Start of Block
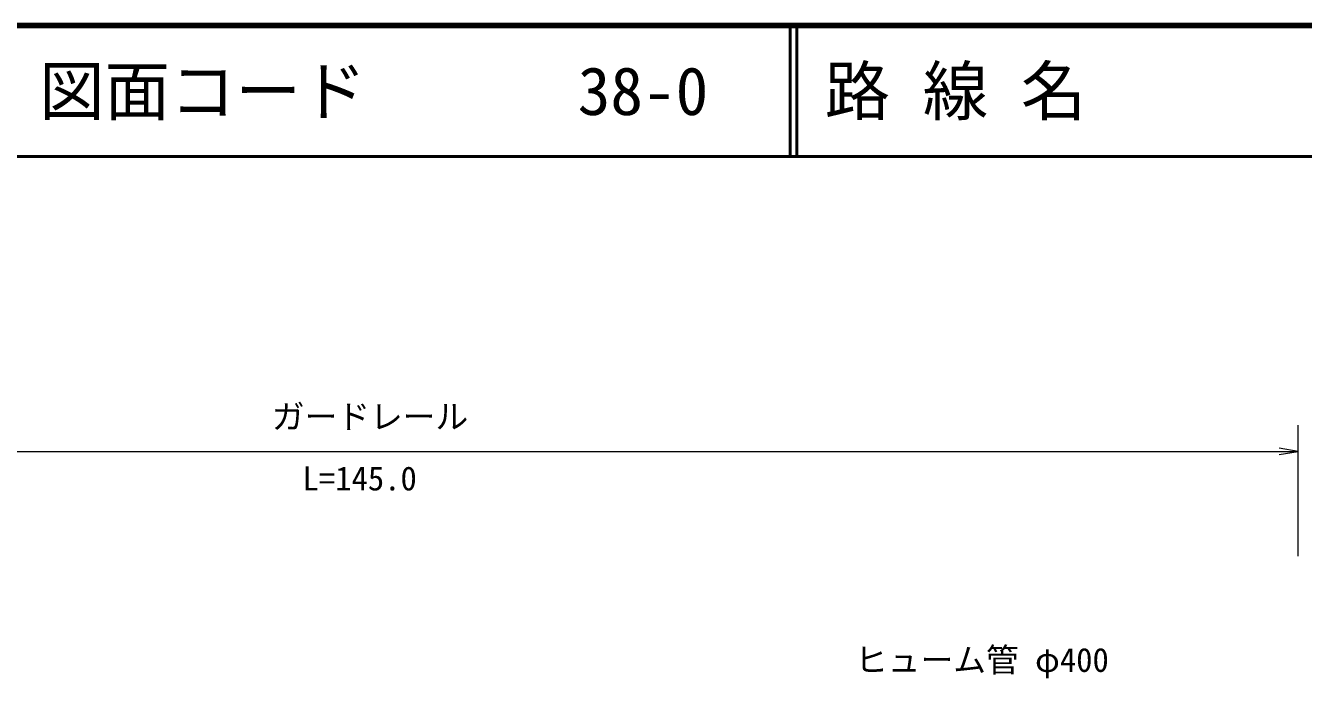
# Model space of a CAD drawing. Units: millimetres, scale not verified. Extents: x 40000 to 680000, y 20000 to 380000.
# Drawn here: x 119346 to 216955, y 330136 to 380000 of the extents above; entities that cross this region are included whole.
import ezdxf
from ezdxf.enums import TextEntityAlignment as Align

# ---------------------------------------------------------------- set-up
doc = ezdxf.new("R2010")
doc.units = ezdxf.units.MM
doc.header["$LTSCALE"] = 1000
for name, color, linetype, lineweight in [('M-TTL', 7, 'Continuous', 13), ('M-TTL-LINE', 7, 'Continuous', 13), ('M-TTL-TXT', 2, 'Continuous', 13)]:
    doc.layers.add(name, color=color, linetype=linetype, lineweight=lineweight)
doc.styles.add('ＭＳ ゴシック', font='')
doc.styles.get('ＭＳ ゴシック').set_extended_font_data('MS Gothic')

# ---------------------------------------------------------------- blocks, each defined once
blk = doc.blocks.new('open_arrow')
at = {"color": 0, "linetype": 'Continuous', "lineweight": -2}
blk.add_lwpolyline([(7.5, 1.25), (0, 0), (7.5, -1.25)], dxfattribs=at)

msp = doc.modelspace()

# ---------------------------------------------------------------- linework, layer by layer
at = {"layer": 'M-TTL', "color": 2, "lineweight": 140}
msp.add_line((680000, 380000), (40000, 380000), dxfattribs=at)
at = {"layer": 'M-TTL'}
for p, q in [((216545, 339474), (216545, 349474)), ((77169, 347474), (216545, 347474))]:
    msp.add_line(p, q, dxfattribs=at)
at = {"layer": 'M-TTL-LINE', "lineweight": 50}
for p, q in [((177750, 380000), (177750, 370000)), ((178250, 380000), (178250, 370000)), ((40000, 370000), (680000, 370000))]:
    msp.add_line(p, q, dxfattribs=at)

# ---------------------------------------------------------------- block references
at = {"layer": 'M-TTL', "xscale": 193, "yscale": 193, "rotation": 180}
msp.add_blockref('open_arrow', (216545, 347474), dxfattribs=at)

# ---------------------------------------------------------------- texts
at = {"layer": 'M-TTL', "style": 'ＭＳ ゴシック'}
for s, p in [('ガードレール', (138158, 350133)), ('L=145.0', (140504, 345410)), ('ヒューム管 φ400', (182706, 331551))]:
    msp.add_text(s, height=1833, dxfattribs=at).set_placement(p, align=Align.MIDDLE_LEFT)
at = {"layer": 'M-TTL-TXT', "color": 7, "style": 'ＭＳ ゴシック'}
for s, p in [('図面コード', (120380, 375000)), ('38-0', (161521, 375000)), ('路 線 名', (180380, 375000))]:
    msp.add_text(s, height=3666, dxfattribs=at).set_placement(p, align=Align.MIDDLE_LEFT)

doc.saveas('drawing.dxf')
End of Block
• The problem
I need every line of the material that includes "drawing", so please copy them out.

• Result
# Model space of a CAD drawing. Units: millimetres, scale not verified. Extents: x 40000 to 680000, y 20000 to 380000.
doc.saveas('drawing.dxf')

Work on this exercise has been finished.